- Born: Sri Lanka
- Occupations: Comedian; Actor;
- Years active: 2010—present
- Awards: Logie Award for Most Popular New Talent 2018
- Website: dilruk.com.au

= Dilruk Jayasinha =

Sri Lankan comedian

Dilruk Jayasinha is a Sri Lankan Australian comedian, actor, and former accountant. He is known for his role as Ashan on the ABC TV series Utopia.

==Early life and education ==
Dilruk Jayasinha was born in Sri Lanka.

He relocated to Melbourne to attend university, before working for a major accounting firm. It was at this time that he realised his heart was not in accounting, but in comedy.

==Career==
Jayasinha has appeared on television programs Sammy J & Randy in Ricketts Lane, Live on Bowen, My Life Is Murder, The Project, All Star Family Feud, Celebrity Name Game, Have You Been Paying Attention? and Hughesy, We Have a Problem, as well performing at the Melbourne International Comedy Festival.

He is known for his role as Ashan on the ABC TV series Utopia.

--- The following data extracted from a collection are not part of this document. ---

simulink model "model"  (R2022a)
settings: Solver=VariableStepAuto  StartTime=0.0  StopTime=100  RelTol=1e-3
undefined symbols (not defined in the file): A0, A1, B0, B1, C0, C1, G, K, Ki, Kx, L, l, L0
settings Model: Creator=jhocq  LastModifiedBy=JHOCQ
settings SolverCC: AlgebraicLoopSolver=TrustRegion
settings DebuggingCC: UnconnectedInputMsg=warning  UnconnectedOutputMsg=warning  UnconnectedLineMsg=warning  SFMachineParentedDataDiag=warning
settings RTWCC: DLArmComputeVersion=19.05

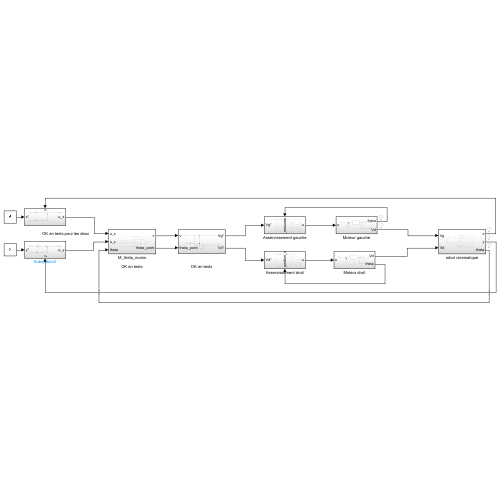
[thumbnail: Simulink's stored preview of the top-level diagram]
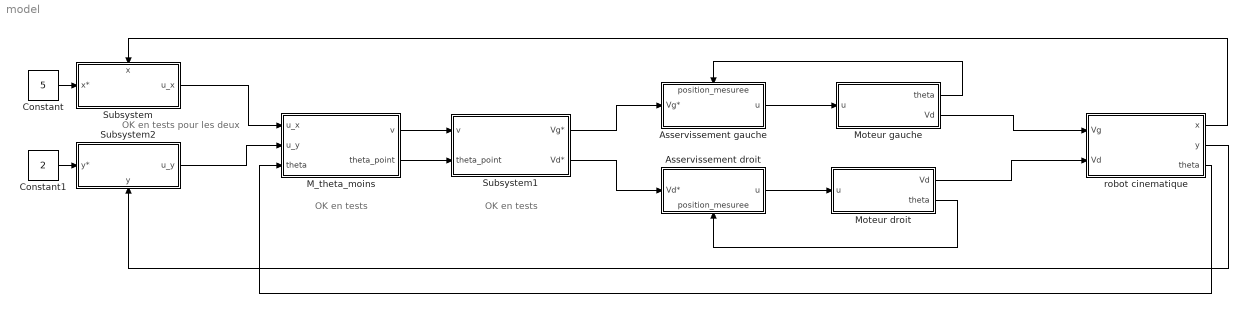
== system model ==
  note: OK en tests pour les deux
  note: OK en tests
  note: OK en tests
  Asservissement droit : Subsystem
      settings: PortSchema="{\"entries\":[{\"content\":{\"sides\":[{\"content\":{\"connectorIds\":[\"In1\"]},\"type\":\"ConnectorPlacement.EquallySpacedRectSide\",\"uuid\":\"34affdbf-5d75-4bee-a322-280e31ed4067\"},{\"content\":{\"connectorIds\":[\"Out1\"],\"side\":\"RIGHT\"},\"type\":\"ConnectorPlacement.EquallySpacedRectSide\",\"uuid\":\"c24ccca8-e7ae-4acc-ac9f-82cb89bd5926\"},{\"content\":{\"connectorIds\":[],\"side\":\"TOP\"},\"type\":\"ConnectorPlacement.EquallySpacedRectSide\",\"uuid\":\"edb210ed-4fa8-422f-a5d5-5fbb66d57dd6\"},{\"content\":{\"connectorIds\":[\"In2\"],\"side\":\"BOTTOM\"},\"type\":\"ConnectorPlacement.EquallySpacedRectSide\",\"uuid\":\"957cfe47-833c-4a06-874b-fd027ee464dc\"},{\"content\":{\"connectorIds\":[],\"side\":\"HIDDEN\"},\"type\":\"ConnectorPlacement.EquallySpacedRectSide\",\"uuid\":\"109f9272-0331-4963-a029-781066042169\"}]},\"type\":\"ConnectorPlacement.EquallySpacedConnector\",\"uuid\":\"ee06e29f-9d62-4172-95e8-826ec0e998b9\"}],\"packageUris\":[\"http://schema.mathworks.com/mf0/Connector/R2020b\"],\"version\":\"1.0\"}"
  Asservissement gauche : Subsystem
      settings: PortSchema="{\"entries\":[{\"content\":{\"sides\":[{\"content\":{\"connectorIds\":[\"In1\"]},\"type\":\"ConnectorPlacement.EquallySpacedRectSide\",\"uuid\":\"34affdbf-5d75-4bee-a322-280e31ed4067\"},{\"content\":{\"connectorIds\":[\"Out1\"],\"side\":\"RIGHT\"},\"type\":\"ConnectorPlacement.EquallySpacedRectSide\",\"uuid\":\"c24ccca8-e7ae-4acc-ac9f-82cb89bd5926\"},{\"content\":{\"connectorIds\":[\"In2\"],\"side\":\"TOP\"},\"type\":\"ConnectorPlacement.EquallySpacedRectSide\",\"uuid\":\"edb210ed-4fa8-422f-a5d5-5fbb66d57dd6\"},{\"content\":{\"connectorIds\":[],\"side\":\"BOTTOM\"},\"type\":\"ConnectorPlacement.EquallySpacedRectSide\",\"uuid\":\"957cfe47-833c-4a06-874b-fd027ee464dc\"},{\"content\":{\"connectorIds\":[],\"side\":\"HIDDEN\"},\"type\":\"ConnectorPlacement.EquallySpacedRectSide\",\"uuid\":\"109f9272-0331-4963-a029-781066042169\"}]},\"type\":\"ConnectorPlacement.EquallySpacedConnector\",\"uuid\":\"ee06e29f-9d62-4172-95e8-826ec0e998b9\"}],\"packageUris\":[\"http://schema.mathworks.com/mf0/Connector/R2020b\"],\"version\":\"1.0\"}"
  Constant : Constant  Value=5
  Constant1 : Constant  Value=2
  M_theta_moins : Subsystem
  Moteur droit : Subsystem
  Moteur gauche : Subsystem
  Subsystem : Subsystem
      settings: PortSchema="{\"entries\":[{\"content\":{\"sides\":[{\"content\":{\"connectorIds\":[\"In1\"]},\"type\":\"ConnectorPlacement.EquallySpacedRectSide\",\"uuid\":\"338121f5-c05f-4735-9fae-09ea2fac0aa8\"},{\"content\":{\"connectorIds\":[\"Out1\"],\"side\":\"RIGHT\"},\"type\":\"ConnectorPlacement.EquallySpacedRectSide\",\"uuid\":\"4e5e0544-0927-46bc-93f3-46a3a0a84001\"},{\"content\":{\"connectorIds\":[\"In2\"],\"side\":\"TOP\"},\"type\":\"ConnectorPlacement.EquallySpacedRectSide\",\"uuid\":\"e6da10fa-0f76-4df7-a8fb-a988bc5ccb33\"},{\"content\":{\"connectorIds\":[],\"side\":\"HIDDEN\"},\"type\":\"ConnectorPlacement.EquallySpacedRectSide\",\"uuid\":\"904212ea-ca19-48d6-920f-a5e1b3dde1fc\"}]},\"type\":\"ConnectorPlacement.EquallySpacedConnector\",\"uuid\":\"e42c5e64-dc68-42eb-86fa-c75e656ddd55\"}],\"packageUris\":[\"http://schema.mathworks.com/mf0/Connector/R2020b\"],\"version\":\"1.0\"}"
  Subsystem1 : Subsystem
  Subsystem2 : Subsystem
      settings: PortSchema="{\"entries\":[{\"content\":{\"sides\":[{\"content\":{\"connectorIds\":[\"In1\"]},\"type\":\"ConnectorPlacement.EquallySpacedRectSide\",\"uuid\":\"338121f5-c05f-4735-9fae-09ea2fac0aa8\"},{\"content\":{\"connectorIds\":[\"Out1\"],\"side\":\"RIGHT\"},\"type\":\"ConnectorPlacement.EquallySpacedRectSide\",\"uuid\":\"4e5e0544-0927-46bc-93f3-46a3a0a84001\"},{\"content\":{\"connectorIds\":[],\"side\":\"TOP\"},\"type\":\"ConnectorPlacement.EquallySpacedRectSide\",\"uuid\":\"e6da10fa-0f76-4df7-a8fb-a988bc5ccb33\"},{\"content\":{\"connectorIds\":[\"In2\"],\"side\":\"BOTTOM\"},\"type\":\"ConnectorPlacement.EquallySpacedRectSide\",\"uuid\":\"13297936-a58e-4a97-9ae4-702edafcee13\"},{\"content\":{\"connectorIds\":[],\"side\":\"HIDDEN\"},\"type\":\"ConnectorPlacement.EquallySpacedRectSide\",\"uuid\":\"904212ea-ca19-48d6-920f-a5e1b3dde1fc\"}]},\"type\":\"ConnectorPlacement.EquallySpacedConnector\",\"uuid\":\"e42c5e64-dc68-42eb-86fa-c75e656ddd55\"}],\"packageUris\":[\"http://schema.mathworks.com/mf0/Connector/R2020b\"],\"version\":\"1.0\"}"
  robot cinematique : Subsystem
  wires:
  Constant1/1 -> Subsystem2/1(y*)
  Constant/1 -> Subsystem/1(x*)
  robot cinematique/2(y) -> Subsystem2/2(y)
  Subsystem1/2(Vd*) -> Asservissement droit/1(Vd*)
  Asservissement droit/1(u) -> Moteur droit/1(u)
  Moteur droit/2(theta) -> Asservissement droit/2(position_mesuree)
  robot cinematique/1(x) -> Subsystem/2(x)
  Subsystem2/1(u_y) -> M_theta_moins/2(u_y)
  Subsystem/1(u_x) -> M_theta_moins/1(u_x)
  robot cinematique/3(theta) -> M_theta_moins/3(theta)
  M_theta_moins/1(v) -> Subsystem1/1(v)
  M_theta_moins/2(theta_point) -> Subsystem1/2(theta_point)
  Moteur gauche/2(Vd) -> robot cinematique/1(Vg)
  Moteur droit/1(Vd) -> robot cinematique/2(Vd)
  Asservissement gauche/1(u) -> Moteur gauche/1(u)
  Moteur gauche/1(theta) -> Asservissement gauche/2(position_mesuree)
  Subsystem1/1(Vg*) -> Asservissement gauche/1(Vg*)

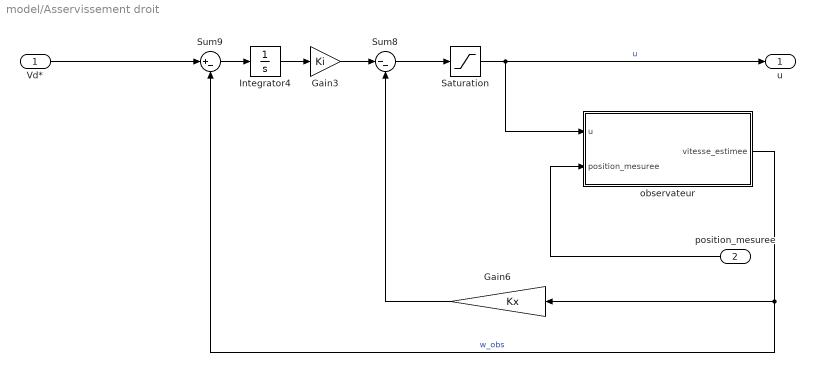
== system model/Asservissement droit ==
  Vd* : Inport
  position_mesuree : Inport  Port=2
  Gain3 : Gain  Gain=Ki
  Gain6 : Gain  Gain=Kx
  Integrator4 : Integrator
  Saturation : Saturate  UpperLimit=9  LowerLimit=-9
      settings: AttributesFormatString=[%<LowerLimit> %<UpperLimit>]
  Sum8 : Sum  Inputs=|--
  Sum9 : Sum  Inputs=|+-
  observateur : Subsystem
  u : Outport
  wires:
  Integrator4/1 -> Gain3/1
  Gain3/1 -> Sum8/1
  Vd*/1 -> Sum9/1
  Sum9/1 -> Integrator4/1
  Sum8/1 -> Saturation/1
  Saturation/1 -> observateur/1(u), u/1  "u"
  observateur/1(vitesse_estimee) -> Sum9/2, Gain6/1  "w_obs"
  Gain6/1 -> Sum8/2
  position_mesuree/1 -> observateur/2(position_mesuree)

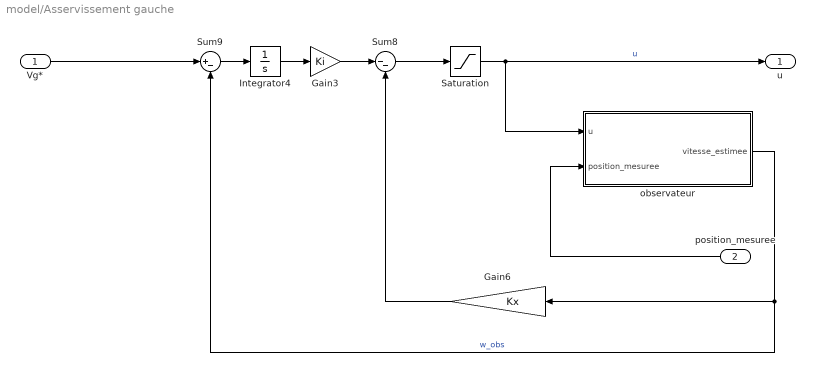
== system model/Asservissement gauche ==
  Vg* : Inport
  position_mesuree : Inport  Port=2
  Gain3 : Gain  Gain=Ki
  Gain6 : Gain  Gain=Kx
  Integrator4 : Integrator
  Saturation : Saturate  UpperLimit=9  LowerLimit=-9
      settings: AttributesFormatString=[%<LowerLimit> %<UpperLimit>]
  Sum8 : Sum  Inputs=|--
  Sum9 : Sum  Inputs=|+-
  observateur : Subsystem
  u : Outport
  wires:
  Integrator4/1 -> Gain3/1
  Gain3/1 -> Sum8/1
  Vg*/1 -> Sum9/1
  Sum9/1 -> Integrator4/1
  Sum8/1 -> Saturation/1
  Saturation/1 -> observateur/1(u), u/1  "u"
  observateur/1(vitesse_estimee) -> Sum9/2, Gain6/1  "w_obs"
  Gain6/1 -> Sum8/2
  position_mesuree/1 -> observateur/2(position_mesuree)

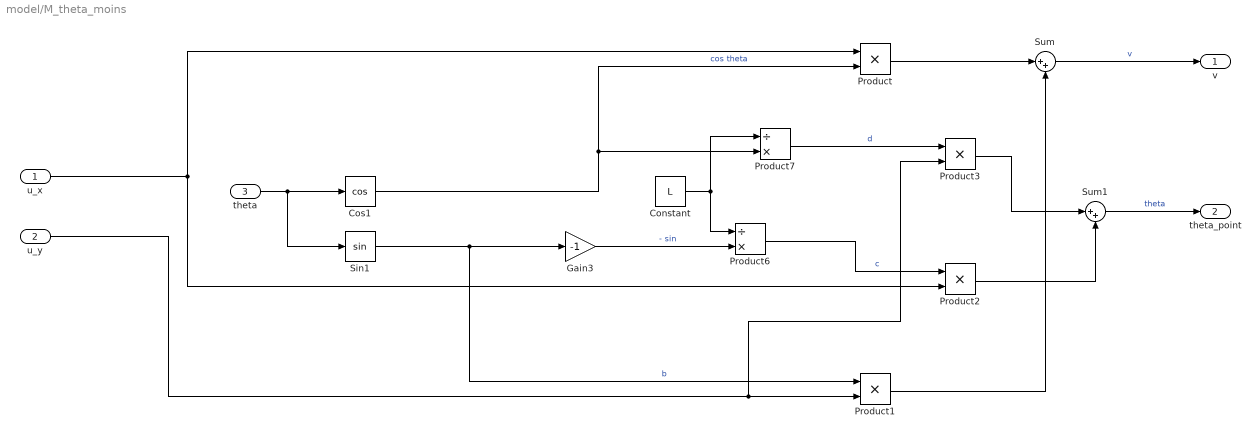
== system model/M_theta_moins ==
  u_x : Inport
  u_y : Inport  Port=2
  theta : Inport  Port=3
  Constant : Constant  Value=L
  Cos1 : Trigonometry  Operator=cos
  Gain3 : Gain  Gain=-1
  Product{,1..3} (4 alike) : Product
  Product6 : Product  Inputs=/*
  Product7 : Product  Inputs=/*
  Sin1 : Trigonometry
  Sum : Sum  Inputs=|++
  Sum1 : Sum  Inputs=|++
  v : Outport
  theta_point : Outport  Port=2
  wires:
  theta/1 -> Sin1/1, Cos1/1
  Sin1/1 -> Product1/1, Gain3/1  "b"
  Gain3/1 -> Product6/2  "- sin"
  Cos1/1 -> Product/2, Product7/2  "cos theta"
  Constant/1 -> Product6/1, Product7/1
  Product6/1 -> Product2/1  "c"
  Product7/1 -> Product3/1  "d"
  u_x/1 -> Product2/2, Product/1
  u_y/1 -> Product3/2, Product1/2
  Product/1 -> Sum/1
  Product1/1 -> Sum/2
  Sum/1 -> v/1  "v"
  Sum1/1 -> theta_point/1  "theta"
  Product2/1 -> Sum1/2
  Product3/1 -> Sum1/1

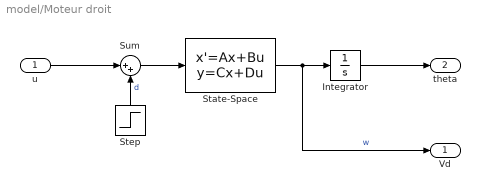
== system model/Moteur droit ==
  u : Inport
  Integrator : Integrator
  State-Space : StateSpace  A=A1  B=B1  C=C1  D=0  InitialCondition=0
  Step : Step  Time=5  SampleTime=0
  Sum : Sum  Inputs=|++
  Vd : Outport
  theta : Outport  Port=2
  wires:
  u/1 -> Sum/1
  Step/1 -> Sum/2  "d"
  Sum/1 -> State-Space/1
  State-Space/1 -> Vd/1, Integrator/1  "w"
  Integrator/1 -> theta/1

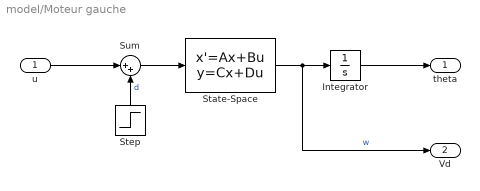
== system model/Moteur gauche ==
  u : Inport
  Integrator : Integrator
  State-Space : StateSpace  A=A1  B=B1  C=C1  D=0  InitialCondition=0
  Step : Step  Time=5  SampleTime=0
  Sum : Sum  Inputs=|++
  theta : Outport
  Vd : Outport  Port=2
  wires:
  u/1 -> Sum/1
  Step/1 -> Sum/2  "d"
  Sum/1 -> State-Space/1
  State-Space/1 -> Vd/1, Integrator/1  "w"
  Integrator/1 -> theta/1

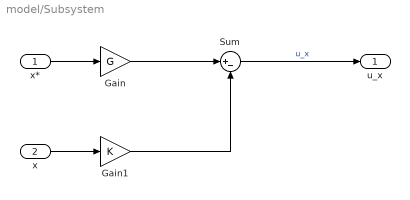
== system model/Subsystem ==
  x* : Inport
  x : Inport  Port=2
  Gain : Gain  Gain=G
  Gain1 : Gain  Gain=K
  Sum : Sum  Inputs=|+-
  u_x : Outport
  wires:
  Sum/1 -> u_x/1  "u_x"
  x*/1 -> Gain/1
  Gain/1 -> Sum/1
  x/1 -> Gain1/1
  Gain1/1 -> Sum/2

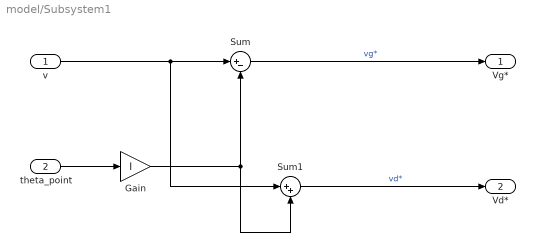
== system model/Subsystem1 ==
  v : Inport
  theta_point : Inport  Port=2
  Gain : Gain  Gain=l
  Sum : Sum  Inputs=|+-
  Sum1 : Sum  Inputs=|++
  Vg* : Outport
  Vd* : Outport  Port=2
  wires:
  v/1 -> Sum1/1, Sum/1
  theta_point/1 -> Gain/1
  Sum/1 -> Vg*/1  "vg*"
  Gain/1 -> Sum1/2, Sum/2
  Sum1/1 -> Vd*/1  "vd*"

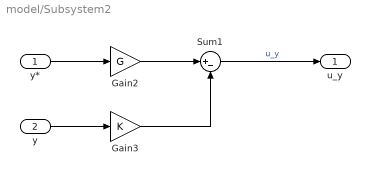
== system model/Subsystem2 ==
  y* : Inport
  y : Inport  Port=2
  Gain2 : Gain  Gain=G
  Gain3 : Gain  Gain=K
  Sum1 : Sum  Inputs=|+-
  u_y : Outport
  wires:
  y*/1 -> Gain2/1
  y/1 -> Gain3/1
  Gain2/1 -> Sum1/1
  Gain3/1 -> Sum1/2
  Sum1/1 -> u_y/1  "u_y"

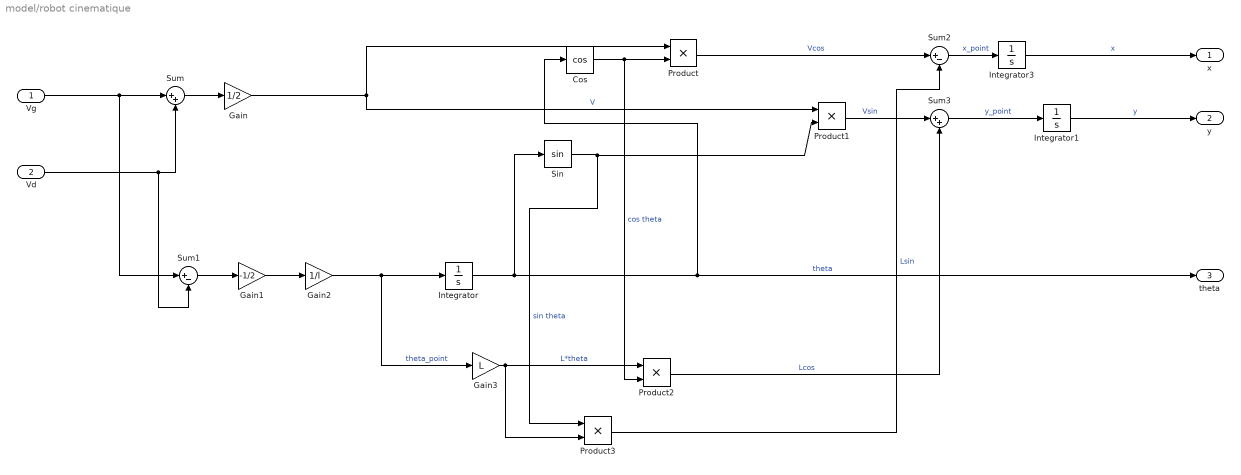
== system model/robot cinematique ==
  Vg : Inport
  Vd : Inport  Port=2
  Cos : Trigonometry  Operator=cos
  Gain : Gain  Gain=1/2
  Gain1 : Gain  Gain=-1/2
  Gain2 : Gain  Gain=1/l
  Gain3 : Gain  Gain=L
  Integrator : Integrator
  Integrator1 : Integrator
  Integrator3 : Integrator
  Product{,1..3} (4 alike) : Product
  Sin : Trigonometry
  Sum : Sum  Inputs=|++
  Sum1 : Sum  Inputs=|+-
  Sum2 : Sum  Inputs=|+-
  Sum3 : Sum  Inputs=|++
  x : Outport
  y : Outport  Port=2
  theta : Outport  Port=3
  wires:
  Vg/1 -> Sum1/1, Sum/1
  Vd/1 -> Sum/2, Sum1/2
  Sum/1 -> Gain/1
  Gain/1 -> Product1/1, Product/1  "V"
  Sum1/1 -> Gain1/1
  Gain1/1 -> Gain2/1
  Gain2/1 -> Gain3/1, Integrator/1  "theta_point"
  Integrator/1 -> Cos/1, theta/1, Sin/1  "theta"
  Integrator3/1 -> x/1  "x"
  Gain3/1 -> Product3/2, Product2/1  "L*theta"
  Integrator1/1 -> y/1  "y"
  Cos/1 -> Product2/2, Product/2  "cos theta"
  Sin/1 -> Product3/1, Product1/2  "sin theta"
  Product/1 -> Sum2/1  "Vcos"
  Product1/1 -> Sum3/1  "Vsin"
  Product2/1 -> Sum3/2  "Lcos"
  Sum2/1 -> Integrator3/1  "x_point"
  Sum3/1 -> Integrator1/1  "y_point"
  Product3/1 -> Sum2/2  "Lsin"

== system model/Asservissement droit/observateur ==
  u : Inport
  position_mesuree : Inport  Port=2
  Selector : Selector  InputPortWidth=3  IndexOptions=Index vector (dialog)  Indices=1  OutputSizes=1
  Subsystem : Subsystem
  vitesse_estimee : Outport
  wires:
  u/1 -> Subsystem/2(u)  "x"
  position_mesuree/1 -> Subsystem/1(y)
  Selector/1 -> vitesse_estimee/1  "w*"
  Subsystem/1(x_est1) -> Selector/1  "x_est"

== system model/Asservissement gauche/observateur ==
  u : Inport
  position_mesuree : Inport  Port=2
  Selector : Selector  InputPortWidth=3  IndexOptions=Index vector (dialog)  Indices=1  OutputSizes=1
  Subsystem : Subsystem
  vitesse_estimee : Outport
  wires:
  u/1 -> Subsystem/2(u)  "x"
  position_mesuree/1 -> Subsystem/1(y)
  Selector/1 -> vitesse_estimee/1  "w*"
  Subsystem/1(x_est1) -> Selector/1  "x_est"

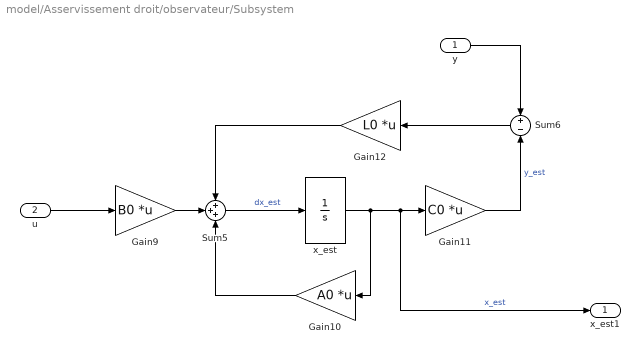
== system model/Asservissement droit/observateur/Subsystem ==
  y : Inport
  u : Inport  Port=2
  Gain10 : Gain  Gain=A0  Multiplication=Matrix(K*u)
  Gain11 : Gain  Gain=C0  Multiplication=Matrix(K*u)
  Gain12 : Gain  Gain=L0  Multiplication=Matrix(K*u)
  Gain9 : Gain  Gain=B0  Multiplication=Matrix(K*u)
  Sum5 : Sum  Inputs=+++
  Sum6 : Sum  Inputs=+-
  x_est : Integrator
  x_est1 : Outport
  wires:
  y/1 -> Sum6/1
  Sum5/1 -> x_est/1  "dx_est"
  Gain12/1 -> Sum5/1
  Sum6/1 -> Gain12/1
  Gain9/1 -> Sum5/2
  Gain11/1 -> Sum6/2  "y_est"
  Gain10/1 -> Sum5/3
  u/1 -> Gain9/1
  x_est/1 -> x_est1/1, Gain11/1, Gain10/1  "x_est"

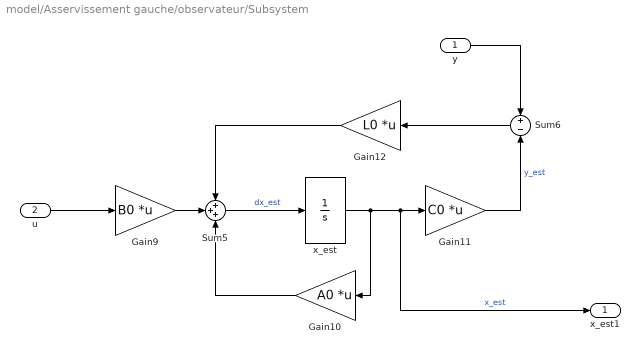
== system model/Asservissement gauche/observateur/Subsystem ==
  y : Inport
  u : Inport  Port=2
  Gain10 : Gain  Gain=A0  Multiplication=Matrix(K*u)
  Gain11 : Gain  Gain=C0  Multiplication=Matrix(K*u)
  Gain12 : Gain  Gain=L0  Multiplication=Matrix(K*u)
  Gain9 : Gain  Gain=B0  Multiplication=Matrix(K*u)
  Sum5 : Sum  Inputs=+++
  Sum6 : Sum  Inputs=+-
  x_est : Integrator
  x_est1 : Outport
  wires:
  y/1 -> Sum6/1
  Sum5/1 -> x_est/1  "dx_est"
  Gain12/1 -> Sum5/1
  Sum6/1 -> Gain12/1
  Gain9/1 -> Sum5/2
  Gain11/1 -> Sum6/2  "y_est"
  Gain10/1 -> Sum5/3
  u/1 -> Gain9/1
  x_est/1 -> x_est1/1, Gain11/1, Gain10/1  "x_est"

In 2019, Jayasinha toured his comedy show Cheat Days. He was also the host of the 2019 Antenna Awards, honouring the best in Australian community television.

In 2020, Jayasinha appeared in the sixth season of the Australian version of I'm a Celebrity...Get Me Out of Here! and was eliminated first. He then toured his new comedy show Victorious Lion.

In 2021, Jayasinha appeared in the second series of Celebrity MasterChef Australia. In 2025 he appeared as a contestant on Claire Hooper's House Of Games.

== Podcasting ==
Jayasinha started co-hosting a weekly podcast Fitbet, along with fellow comedian Ben Lomas, in February 2018. Episodes discuss various aspects of weight loss and mental health, interviewed guests are usually fellow comedians who discuss their own journey.

Jayasinha also recorded the podcast Dilruk's Mad Stacks, where he discusses his past as an accountant, the financial world, and money issues with Ed Kavalee.

==Awards==
In 2018, he won the Logie Award for Most Popular New Talent.